Le juge des référés a considéré que la liberté de choisir son vaccin était insusceptible de se rattacher aux libertés fondamentales que sont le droit à la vie et le droit à la protection de la santé dès lors que la vaccination n’a pas de caractère obligatoire et que l’ensemble des vaccins disponibles font l’objet d’une administration indifférenciée aux publics ciblés :


"Toutefois, la liberté de choisir les vaccins est insusceptible de se rattacher aux libertés fondamentales que sont le droit à la vie et le droit à la protection de la santé dès lors, d’une part, que si la vaccination est encouragée par les autorités sanitaires, elle ne présente aucun caractère obligatoire et M. C... n’allègue pas qu’il serait exposé à un risque particulier de contamination, que, d’autre part, il ne résulte pas de l’instruction que le vaccin AstraZeneca présenterait une efficacité moindre que le vaccin Pfizer-BioNTech, alors que l’ARS a indiqué à l’audience que ce vaccin présente une efficacité de 72 % après la première injection, de 73% après la seconde injection et permet une prévention des hospitalisations liées à la Covid-19 de 94 %, et enfin que si, ainsi qu’il a été dit au point 7, des publics prioritaires ont été définis pour la vaccination selon leur classe d’âge ou leur état de santé, il ne résulte nullement de l’instruction que la prescription et l’administration des vaccins obéiraient à des critères réservant de façon absolue le vaccin Pfizer-BioNTech aux populations ainsi ciblées et aux professionnels de santé et le vaccin AstraZeneca aux autres publics, alors que l’article 53-1 du décret du 29 octobre 2020 autorise la prescription et l’administration de l’ensemble des vaccins listés aux I et II de l’annexe 4 citée au point 6, par les sages-femmes, les pharmaciens d’officine et de pharmacies mutualistes, les infirmiers, les chirurgiens-dentistes ainsi que dans les centres de vaccination.

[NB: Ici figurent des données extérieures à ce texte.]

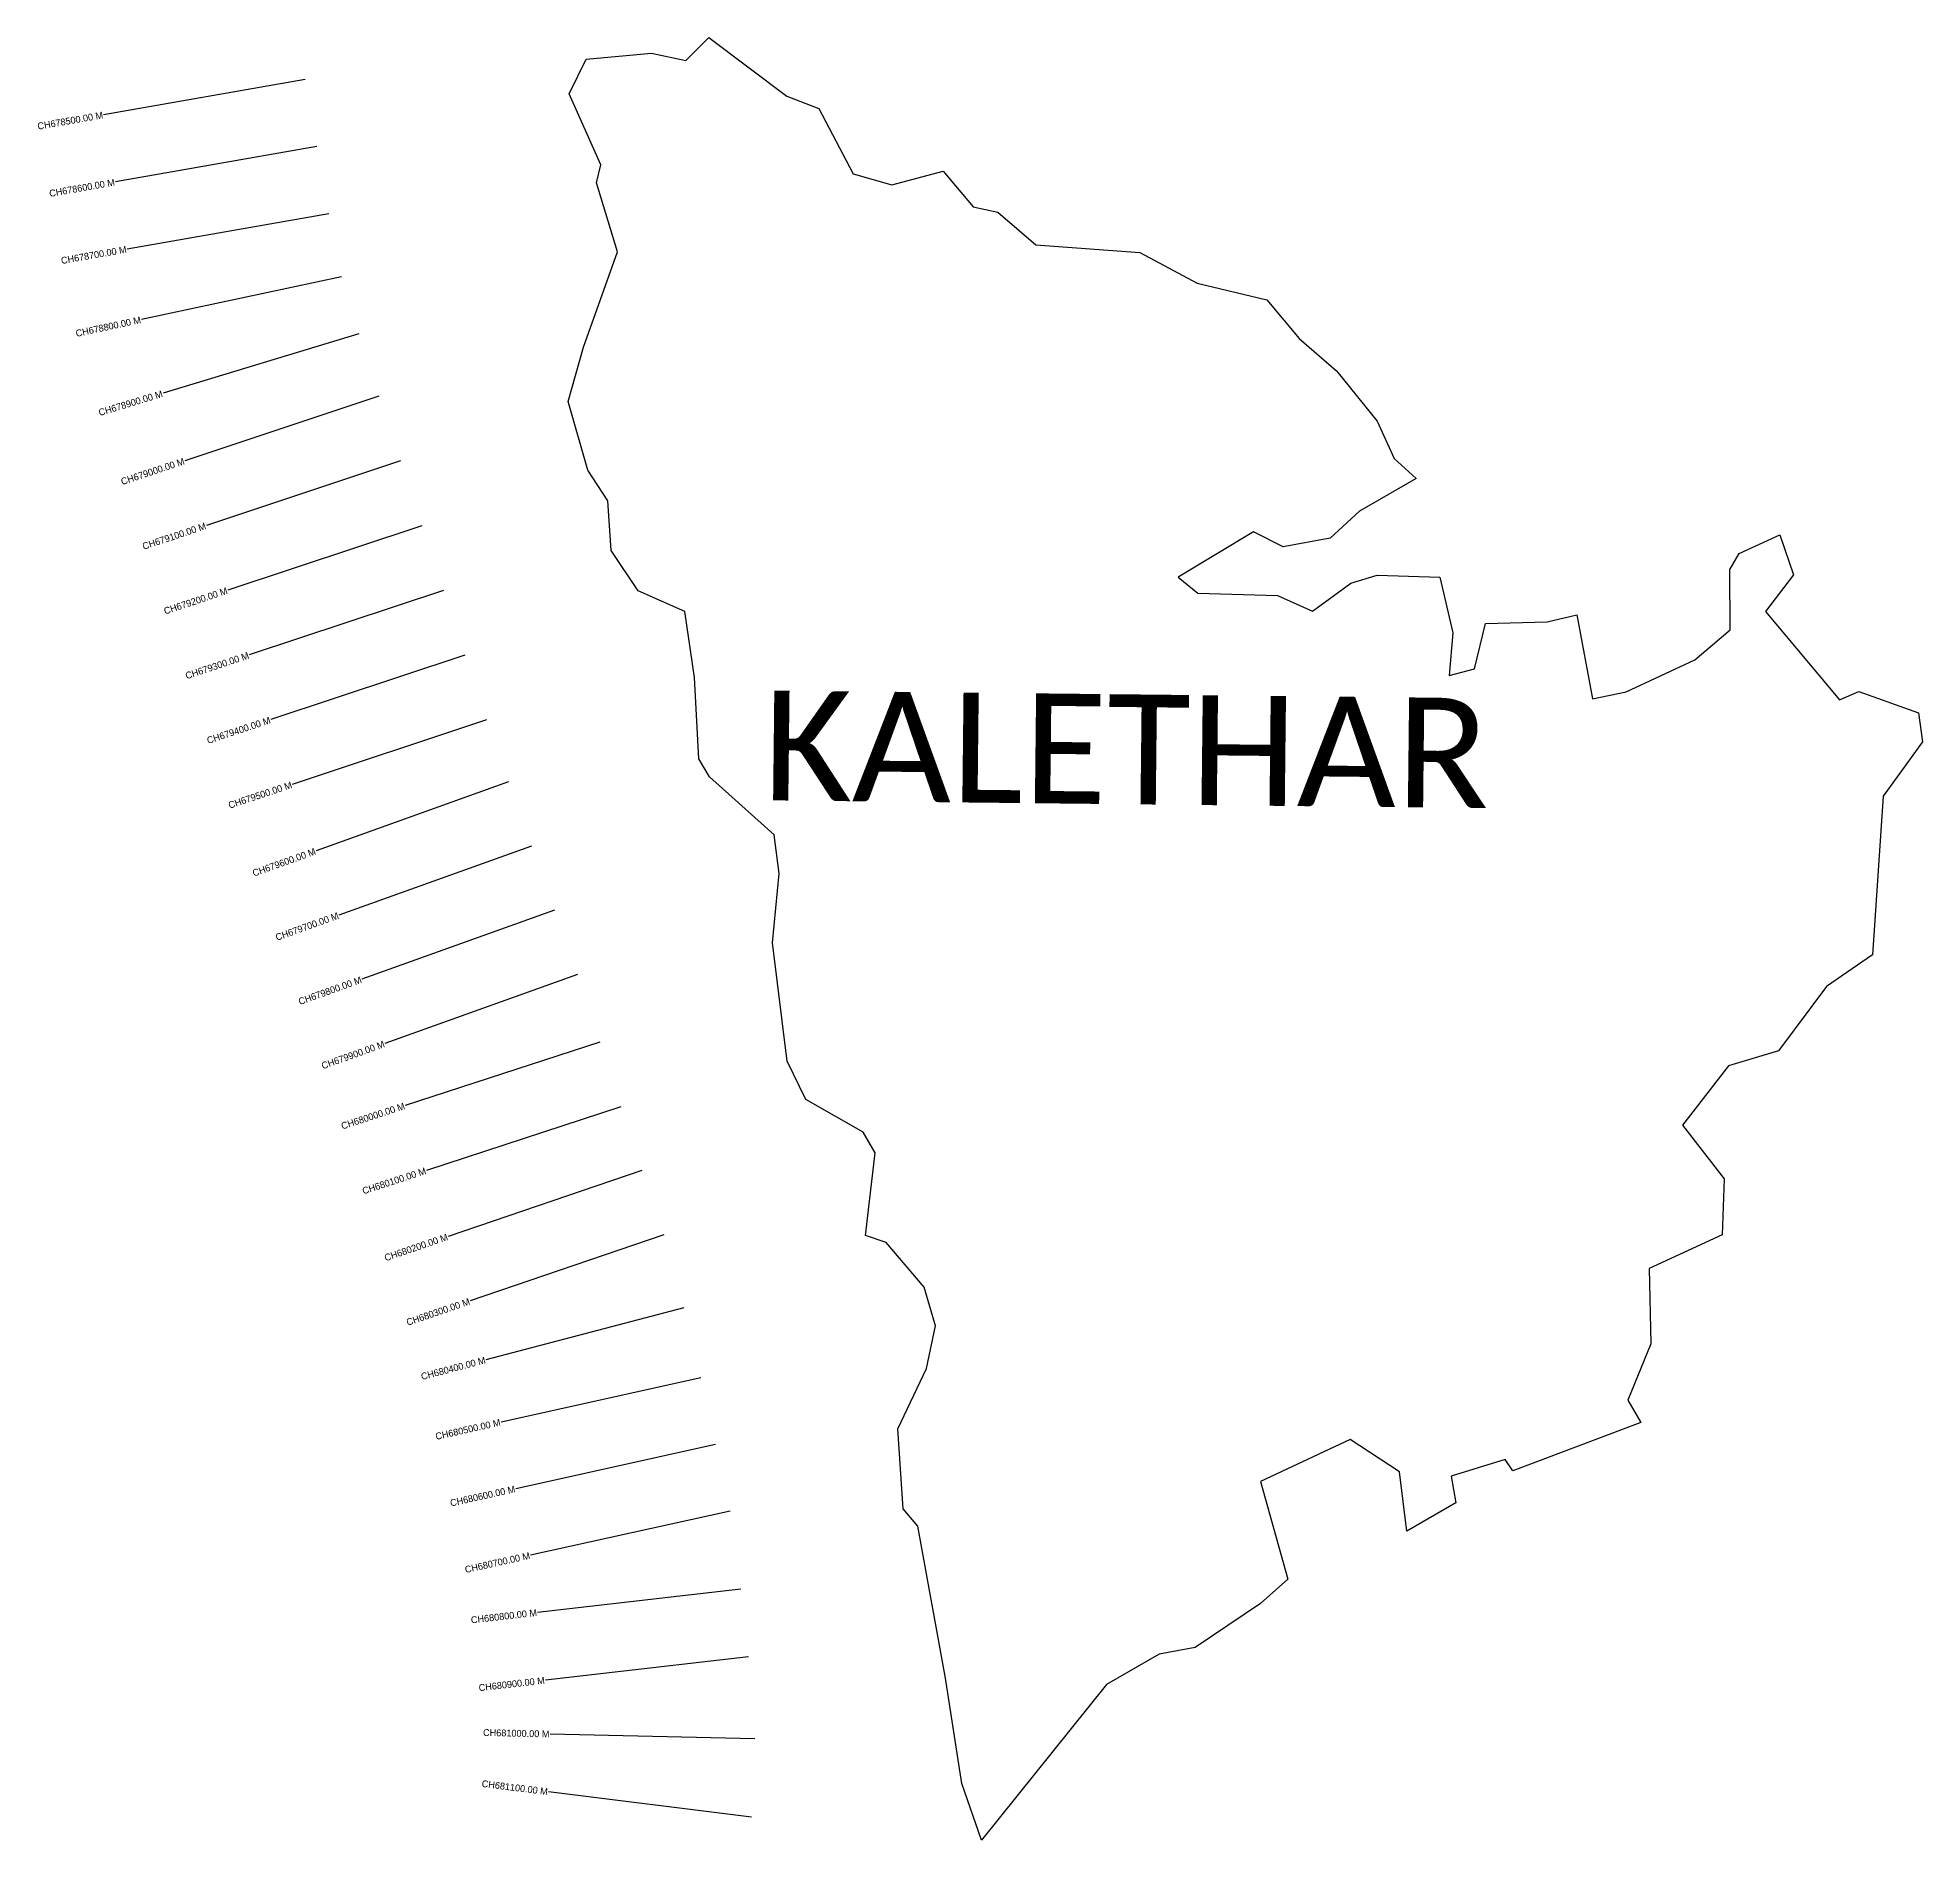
# Model space of a CAD drawing. Header units: metres. Extents: x 337591 to 340354, y 1770490 to 1773133.
import ezdxf
from ezdxf.enums import TextEntityAlignment as Align

# ---------------------------------------------------------------- set-up
doc = ezdxf.new("R2010")
doc.units = ezdxf.units.M
for name, color, linetype in [('CS', 134, 'Continuous'), ('CSMark', 6, 'Continuous'), ('village', 250, 'Continuous'), ('VILLAGE NAME', 250, 'Continuous')]:
    doc.layers.add(name, color=color, linetype=linetype)

msp = doc.modelspace()

# ---------------------------------------------------------------- linework, layer by layer
at = {"layer": 'CS'}
for p, q in [((337983.1, 1773071.5), (337687.6, 1773019.7)), ((338000.4, 1772973), (337704.9, 1772921.2)), ((338017.7, 1772874.5), (337722.2, 1772822.7)), ((338036.5, 1772781.9), (337743, 1772719.4)), ((338061.9, 1772698.4), (337774.8, 1772611.3)), ((338091.4, 1772607), (337806.7, 1772512.4)), ((338123, 1772512.1), (337838.3, 1772417.5)), ((338154.5, 1772417.1), (337869.8, 1772322.6)), ((338186, 1772322.2), (337901.3, 1772227.7)), ((338217.5, 1772227.3), (337932.8, 1772132.8)), ((338249, 1772132.4), (337964.3, 1772037.9)), ((338281.5, 1772041.5), (337999.1, 1771940.4)), ((338315.2, 1771947.4), (338032.7, 1771846.3)), ((338348.9, 1771853.2), (338066.4, 1771752.1)), ((338382.6, 1771759), (338100.1, 1771658)), ((338415.1, 1771660), (338129.9, 1771567)), ((338446.1, 1771564.9), (338160.9, 1771471.9)), ((338476.8, 1771471.8), (338192.8, 1771375.1)), ((338509.1, 1771377.2), (338225.1, 1771280.4)), ((338538.5, 1771270.5), (338248.3, 1771194.2)), ((338563.3, 1771167.5), (338270.4, 1771102.8)), ((338584.9, 1771069.9), (338292, 1771005.1)), ((338606.5, 1770972.3), (338313.6, 1770907.5)), ((338622, 1770857.9), (338324, 1770823.7)), ((338633.5, 1770758.6), (338335.4, 1770724.3)), ((338642.4, 1770638.3), (338342.4, 1770645.4)), ((338637.6, 1770523.3), (338339.9, 1770560.6))]:
    msp.add_line(p, q, dxfattribs=at)
at = {"layer": 'village', "color": 4}
msp.add_polyline3d([(339393.2, 1772748.3, 0), (339440.6, 1772691.5, 0), (339495.3, 1772644.3, 0), (339554.9, 1772570.4, 0), (339579.9, 1772515.9, 0), (339612.1, 1772486.2, 0), (339529.3, 1772438.3, 0), (339486.3, 1772399, 0), (339417.4, 1772386, 0), (339373.6, 1772408.2, 0), (339263.1, 1772341.6, 0), (339292, 1772318.3, 0), (339409, 1772315, 0), (339460.5, 1772292.1, 0), (339516.7, 1772333, 0), (339555, 1772344.8, 0), (339647.1, 1772341.9, 0), (339666.1, 1772260.3, 0), (339660.6, 1772197.3, 0), (339697.8, 1772207.1, 0), (339713.9, 1772273.9, 0), (339804.3, 1772276, 0), (339848.1, 1772286.5, 0), (339871, 1772163.3, 0), (339920.4, 1772173.4, 0), (340021.1, 1772220.6, 0), (340072.5, 1772264.5, 0), (340072.1, 1772353.1, 0), (340085.9, 1772376.6, 0), (340145.4, 1772403.8, 0), (340165.6, 1772345.3, 0), (340124.6, 1772291.5, 0), (340232.9, 1772161.8, 0), (340261.6, 1772174, 0), (340348.8, 1772142.9, 0), (340354.5, 1772100.4, 0), (340297.1, 1772020.7, 0), (340281.5, 1771788, 0), (340213.9, 1771741.6, 0), (340143.4, 1771647.1, 0), (340070.1, 1771625, 0), (340002.9, 1771538.3, 0), (340064, 1771459.3, 0), (340061.2, 1771377.3, 0), (339954.1, 1771328.1, 0), (339956.5, 1771217.5, 0), (339922.6, 1771135.1, 0), (339941.6, 1771102.1, 0), (339754, 1771031.5, 0), (339742.9, 1771048, 0), (339663.6, 1771023.7, 0), (339670.4, 1770984.5, 0), (339598.8, 1770943, 0), (339587.9, 1771029.9, 0), (339515.3, 1771077.3, 0), (339384.1, 1771015.8, 0), (339424, 1770872.5, 0), (339384.1, 1770836.7, 0), (339288, 1770772.4, 0), (339235.4, 1770762.4, 0), (339158, 1770718.1, 0), (338975, 1770489.6, 0), (338946.1, 1770573, 0), (338922.1, 1770727.1, 0), (338881.8, 1770950, 0), (338860.3, 1770975.5, 0), (338852.3, 1771092.8, 0), (338894.2, 1771181.4, 0), (338907.3, 1771243.8, 0), (338890.7, 1771300.8, 0), (338835.2, 1771365.9, 0), (338805, 1771376.6, 0), (338818.8, 1771497.6, 0), (338801.3, 1771527.7, 0), (338717.5, 1771575.9, 0), (338690.2, 1771632, 0), (338668.3, 1771805.6, 0), (338678, 1771907.1, 0), (338670.7, 1771963.8, 0), (338576, 1772048.8, 0), (338560.4, 1772075.2, 0), (338554, 1772194.5, 0), (338539.9, 1772291.6, 0), (338471.5, 1772321.8, 0), (338432, 1772380.7, 0), (338426.9, 1772453.6, 0), (338397.9, 1772498.8, 0), (338369, 1772599.5, 0), (338391.5, 1772678.9, 0), (338441, 1772818.9, 0), (338410.3, 1772919.9, 0), (338416.5, 1772946.1, 0), (338370.2, 1773050.6, 0), (338395, 1773101.5, 0), (338491.2, 1773110.2, 0), (338541.5, 1773099.5, 0), (338575.2, 1773132.8, 0), (338689.6, 1773046.8, 0), (338736.3, 1773028.7, 0), (338786.5, 1772933.1, 0), (338843.2, 1772917, 0), (338918.8, 1772936.8, 0), (338962.8, 1772884.5, 0), (338999, 1772877.1, 0), (339054.5, 1772829.2, 0), (339207.1, 1772817.9, 0), (339291.1, 1772772.7, 0), (339393.2, 1772748.3, 0)], close=True, dxfattribs=at)

# ---------------------------------------------------------------- texts
at = {"layer": 'CSMark'}
for s, rotation, p in [('CH678500.00 M', 9.9493, (337686.7, 1773019.5)), ('CH678600.00 M', 9.9493, (337703.9, 1772921)), ('CH678700.00 M', 9.9493, (337721.2, 1772822.5)), ('CH678800.00 M', 12.0284, (337742.1, 1772719.2)), ('CH678900.00 M', 16.87, (337773.8, 1772611)), ('CH679000.00 M', 18.3728, (337805.8, 1772512.1)), ('CH679100.00 M', 18.3728, (337837.3, 1772417.2)), ('CH679200.00 M', 18.3728, (337868.8, 1772322.3)), ('CH679300.00 M', 18.3728, (337900.3, 1772227.4)), ('CH679400.00 M', 18.3728, (337931.9, 1772132.5)), ('CH679500.00 M', 18.3728, (337963.4, 1772037.6)), ('CH679600.00 M', 19.6881, (337998.1, 1771940.1)), ('CH679700.00 M', 19.6881, (338031.8, 1771845.9)), ('CH679800.00 M', 19.6881, (338065.5, 1771751.8)), ('CH679900.00 M', 19.6881, (338099.2, 1771657.6)), ('CH680000.00 M', 18.0578, (338128.9, 1771566.7)), ('CH680100.00 M', 18.0578, (338159.9, 1771471.6)), ('CH680200.00 M', 18.8231, (338191.9, 1771374.7)), ('CH680300.00 M', 18.8231, (338224.2, 1771280.1)), ('CH680400.00 M', 14.7186, (338247.4, 1771194)), ('CH680500.00 M', 12.4685, (338269.4, 1771102.6)), ('CH680600.00 M', 12.4685, (338291, 1771004.9)), ('CH680700.00 M', 12.4685, (338312.6, 1770907.3)), ('CH680800.00 M', 6.5556, (338323, 1770823.6)), ('CH680900.00 M', 6.5556, (338334.4, 1770724.2)), ('CH681000.00 M', 358.6605, (338341.4, 1770645.4)), ('CH681100.00 M', 352.8501, (338338.9, 1770560.8))]:
    msp.add_text(s, height=10, rotation=rotation, dxfattribs=at).set_placement(p, align=Align.MIDDLE_RIGHT)
at = {"layer": 'VILLAGE NAME', "insert": (338655.9, 1772175.7), "char_height": 161.109, "attachment_point": 1, "rotation": 359.3742}
msp.add_mtext_dynamic_manual_height_columns('{\\fCalibri|b0|i0|c0|p34;KALETHAR}', width=1589.786, gutter_width=805.5, heights=[0], dxfattribs=at)

doc.saveas('drawing.dxf')

A cet égard, il a été rappelé à l’audience que la campagne de vaccination a démarré en décembre 2020 avec le vaccin Pfizer-BioNTech, seul vaccin alors disponible en France avant le déploiement des trois autres vaccins, dont l’AstraZeneca à compter du 29 janvier 2021 dont les modes de conservation sont moins complexes que ceux du vaccin Pfizer-BioNTech et de nature à diversifier les professionnels autorisés à l’administrer, que cette campagne de vaccination se poursuit mais reste tributaire des approvisionnements et qu’il est prévu d’approvisionner les centres de vaccination, progressivement mis en place et ouverts à une population élargie au fil des étapes du calendrier de vaccination prévu, de l’ensemble des vaccins autorisés, dont aussi le vaccin Pfizer-BioNTech "

Par conséquent, le tribunal administratif a rejeté la requête tendant à donner aux personnes éligibles à la vaccination la possibilité de choisir le vaccin à injecter.